**Requirement:** Go through the material under this sentence. Return every line holding "dimension".

..............................

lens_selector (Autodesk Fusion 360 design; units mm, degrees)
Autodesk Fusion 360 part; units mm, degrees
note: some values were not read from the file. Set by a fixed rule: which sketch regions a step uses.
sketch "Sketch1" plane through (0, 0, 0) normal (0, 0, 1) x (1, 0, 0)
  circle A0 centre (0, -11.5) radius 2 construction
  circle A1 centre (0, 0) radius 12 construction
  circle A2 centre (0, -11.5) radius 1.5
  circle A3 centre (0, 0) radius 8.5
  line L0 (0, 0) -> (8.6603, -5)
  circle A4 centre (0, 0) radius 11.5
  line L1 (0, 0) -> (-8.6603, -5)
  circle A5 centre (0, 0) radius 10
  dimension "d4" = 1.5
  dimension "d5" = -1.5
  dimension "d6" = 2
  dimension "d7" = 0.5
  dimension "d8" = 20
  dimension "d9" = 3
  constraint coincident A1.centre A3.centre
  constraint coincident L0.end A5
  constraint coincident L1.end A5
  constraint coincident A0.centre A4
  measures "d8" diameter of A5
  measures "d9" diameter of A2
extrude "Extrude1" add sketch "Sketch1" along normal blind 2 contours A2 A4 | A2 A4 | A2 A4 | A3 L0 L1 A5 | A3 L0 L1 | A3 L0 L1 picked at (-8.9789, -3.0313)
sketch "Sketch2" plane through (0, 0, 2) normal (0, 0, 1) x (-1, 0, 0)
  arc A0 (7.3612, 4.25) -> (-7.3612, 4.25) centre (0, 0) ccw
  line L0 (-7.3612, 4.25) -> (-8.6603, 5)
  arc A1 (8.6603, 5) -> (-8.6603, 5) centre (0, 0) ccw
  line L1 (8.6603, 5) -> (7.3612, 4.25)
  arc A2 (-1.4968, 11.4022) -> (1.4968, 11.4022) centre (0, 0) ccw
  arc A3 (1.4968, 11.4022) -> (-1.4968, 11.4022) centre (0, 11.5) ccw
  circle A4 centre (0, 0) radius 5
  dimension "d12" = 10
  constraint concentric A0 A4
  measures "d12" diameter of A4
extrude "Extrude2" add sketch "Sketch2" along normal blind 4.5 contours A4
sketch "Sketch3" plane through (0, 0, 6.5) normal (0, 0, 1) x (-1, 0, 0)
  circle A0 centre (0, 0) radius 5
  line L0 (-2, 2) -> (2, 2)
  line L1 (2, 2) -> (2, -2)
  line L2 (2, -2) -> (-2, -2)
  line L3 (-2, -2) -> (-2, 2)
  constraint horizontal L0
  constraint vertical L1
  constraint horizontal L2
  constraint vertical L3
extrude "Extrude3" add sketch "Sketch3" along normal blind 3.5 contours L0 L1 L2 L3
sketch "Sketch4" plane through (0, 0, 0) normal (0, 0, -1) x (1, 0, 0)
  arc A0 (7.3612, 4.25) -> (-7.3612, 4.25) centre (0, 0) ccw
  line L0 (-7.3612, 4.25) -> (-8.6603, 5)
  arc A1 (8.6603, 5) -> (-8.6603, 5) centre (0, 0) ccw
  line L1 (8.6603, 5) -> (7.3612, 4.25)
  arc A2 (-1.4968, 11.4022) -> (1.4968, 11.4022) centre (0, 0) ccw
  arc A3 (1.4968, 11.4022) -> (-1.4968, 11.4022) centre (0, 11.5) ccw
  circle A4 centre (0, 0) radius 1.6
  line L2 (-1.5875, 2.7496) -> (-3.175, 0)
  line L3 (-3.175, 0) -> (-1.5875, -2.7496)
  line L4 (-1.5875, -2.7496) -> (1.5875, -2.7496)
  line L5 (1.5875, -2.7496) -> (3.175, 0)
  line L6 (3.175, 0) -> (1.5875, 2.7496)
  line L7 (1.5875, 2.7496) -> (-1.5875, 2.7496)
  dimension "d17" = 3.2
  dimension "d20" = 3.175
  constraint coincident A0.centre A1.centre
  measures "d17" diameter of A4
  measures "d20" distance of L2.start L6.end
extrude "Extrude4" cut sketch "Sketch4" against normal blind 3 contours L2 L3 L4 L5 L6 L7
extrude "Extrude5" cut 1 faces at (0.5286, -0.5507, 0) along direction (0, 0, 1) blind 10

..............................

**Response to the task:**
  dimension "d4" = 1.5
  dimension "d5" = -1.5
  dimension "d6" = 2
  dimension "d7" = 0.5
  dimension "d8" = 20
  dimension "d9" = 3
  dimension "d12" = 10
  dimension "d17" = 3.2
  dimension "d20" = 3.175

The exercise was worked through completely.